If there were a word for “beyond essential” that word would describe this album perfectly. Getz / Gilberto was a great album when it was released in 1963, and it is a great album today. Fifty years from now this recording will still be a must-have for music lovers of every persuasion in every country of the globe. Quite likely there is not another album extant about which that can be said. This music is detached, cool and irresistible, a marriage of North and South sounding today as fresh as when it arrived. If you don’t own it, it’s time to acquire it. If you do own it and haven’t listened for a while, reacquainting yourself with its eternal mysteries will prove one of the greatest pleasures of this or any year.
Miles Davis famously said “Joao Gilberto would sound good reading a newspaper.” To team Gilberto with Stan Getz, who had been a brilliant saxophonist even as a teenager, was the inspiration of Creed Taylor, one of the seminal forces in American jazz in the 20th century. Gilberto was one of the leaders and creators of bossa nova music, and its most talented performer, excelling at both classical nylon-string guitar and subdued but passionate vocals. Antonio Carlos Jobim was not only a wonderful composer, but a sensational pianist and guitarist; he was Gilberto’s co-writer. As for Astrud Gilberto, Joao’s wife, she not only recorded a sensational vocal for “The Girl From Ipanema”, as well as for “Corcovado”, she accomplished something astonishing with those performances; they were her first recordings ever and she turned “Ipanema”, which was intended to be a B side, into an immortal A side.

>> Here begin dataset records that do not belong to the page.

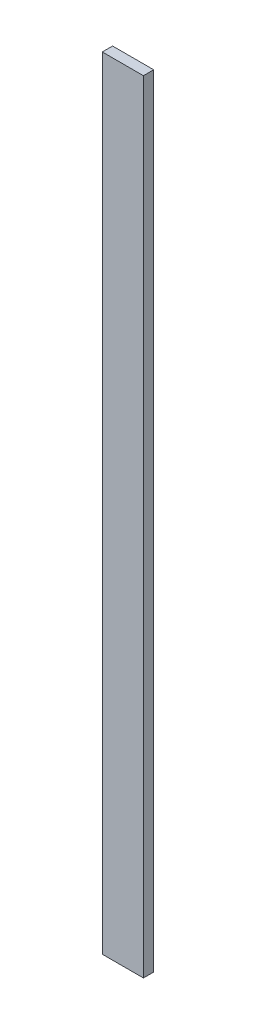
SolidWorks part; units mm, degrees
ref_plane "Front Plane" through (0, 0, 0) normal (0, 0, 1) x (1, 0, 0)
ref_plane "Top Plane" through (0, 0, 0) normal (0, 1, 0) x (1, 0, 0)
ref_plane "Right Plane" through (0, 0, 0) normal (1, 0, 0) x (0, 0, -1)
sketch "Sketch1" plane through (0, 0, 0) normal (0, 0, 1) x (1, 0, 0)
  line L1 (-12.7, -241.3) -> (-12.7, 241.3) construction
  line L2 (-12.7, 241.3) -> (12.7, 241.3)
  line L3 (-12.7, 241.3) -> (-12.7, -241.3)
  line L4 (-12.7, -241.3) -> (12.7, -241.3)
  line L5 (12.7, 241.3) -> (12.7, -241.3)
  point P6 (-12.7, 0)
  dimension "D1" = 482.6
  dimension "D2" = 25.4
  dimension "D3" = 12.7
  dimension "D4" = 241.3
extrude "Boss-Extrude1" add sketch "Sketch1" along normal mid plane 6.35
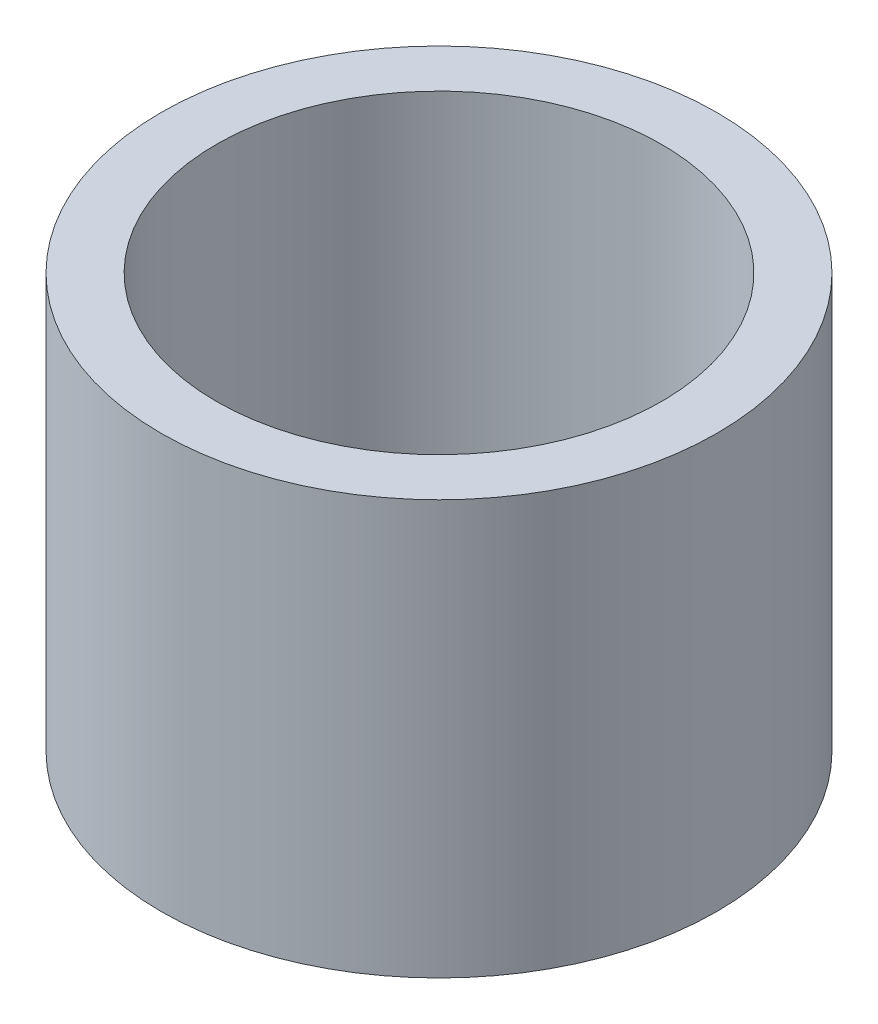
SolidWorks part; units mm, degrees
ref_plane "Front Plane" through (0, 0, 0) normal (0, 0, 1) x (1, 0, 0)
ref_plane "Top Plane" through (0, 0, 0) normal (0, 1, 0) x (1, 0, 0)
ref_plane "Right Plane" through (0, 0, 0) normal (1, 0, 0) x (0, 0, -1)
ref_axis "Axial" through (0, 3.81, 0) along (0, -1, 0)
ref_plane "Bottom Plane" through (0, -76.2, 0) normal (0, 1, 0) x (1, 0, 0)
sketch "Sketch1" plane through (0, 0, 0) normal (0, 1, 0) x (1, 0, 0)
  circle A0 centre (0, 0) radius 40.9702
  circle A1 centre (0, 0) radius 51.1302
  dimension "D1" = 102.2604
  dimension "D2" = 81.9404
extrude "Ablative" add sketch "Sketch1" against normal blind 76.2

Eight songs comprise the album. Yes, the music is inspired by jazz masters such as Gerry Mulligan, Chet Baker and Miles Davis, but it achieves something that none of those exalted hipsters ever did. The album brought Brazilian music, cool jazz, soft elegant sambas and the exotic flavours of Rio De Janeiro to mass audiences while providing a classic for elitist jazz fans. How did this happen? Some say that South American music is the greatest music of the 20th century. Others say that once the samba gets into your soul it never leaves.
As Jobim told Gene Lees, the American music writer who wrote the English lyrics for several of these songs:
“the bossa nova was kind of washed, more concise, less noise, less things going on… it came with a very detached beat, very characteristic, that cleaned the whole thing. .. And maybe because of that it became more universal.”
Phil Ramone, who recorded dozens of famous American albums, was the engineer on the record. He stated “there was an indescribable feeling in the room when we made Getz/Gilberto – a quiet energy that put everyone in a happy mood… It was pure magic because of the players and how they sounded in the room at 112 West 48th Street.” And further from Phil regarding Astrud Gilberto, her voice “was beguiling: sexy and coy, yet innocent at the same time.”
Yes, this great Brazilian jazz record was made in New York with an American producer and an American sound engineer.
The album won four Grammys and stayed on the charts for two years, peaking at no. 2 only because 1964 and 1965 belonged to The Beatles.
So, what’s in this 57 year-old record for you in the year of this writing, 2021?
Well, you might be living in Manhattan and working on Wall Street. You’re going to need some music that reflects your sophistication and interest in high end audio. Getz/Gilberto will do that for you.
Or you might be living in Medicine Hat, Alberta, exploring some new music and trying to keep cool throughout the pandemic. Getz/Gilberto will do that for you.
Or maybe you’re just crazy for something that comes out of next week and recharges your neurons.
This record will do that and more. Getz/Gilberto is beyond essential.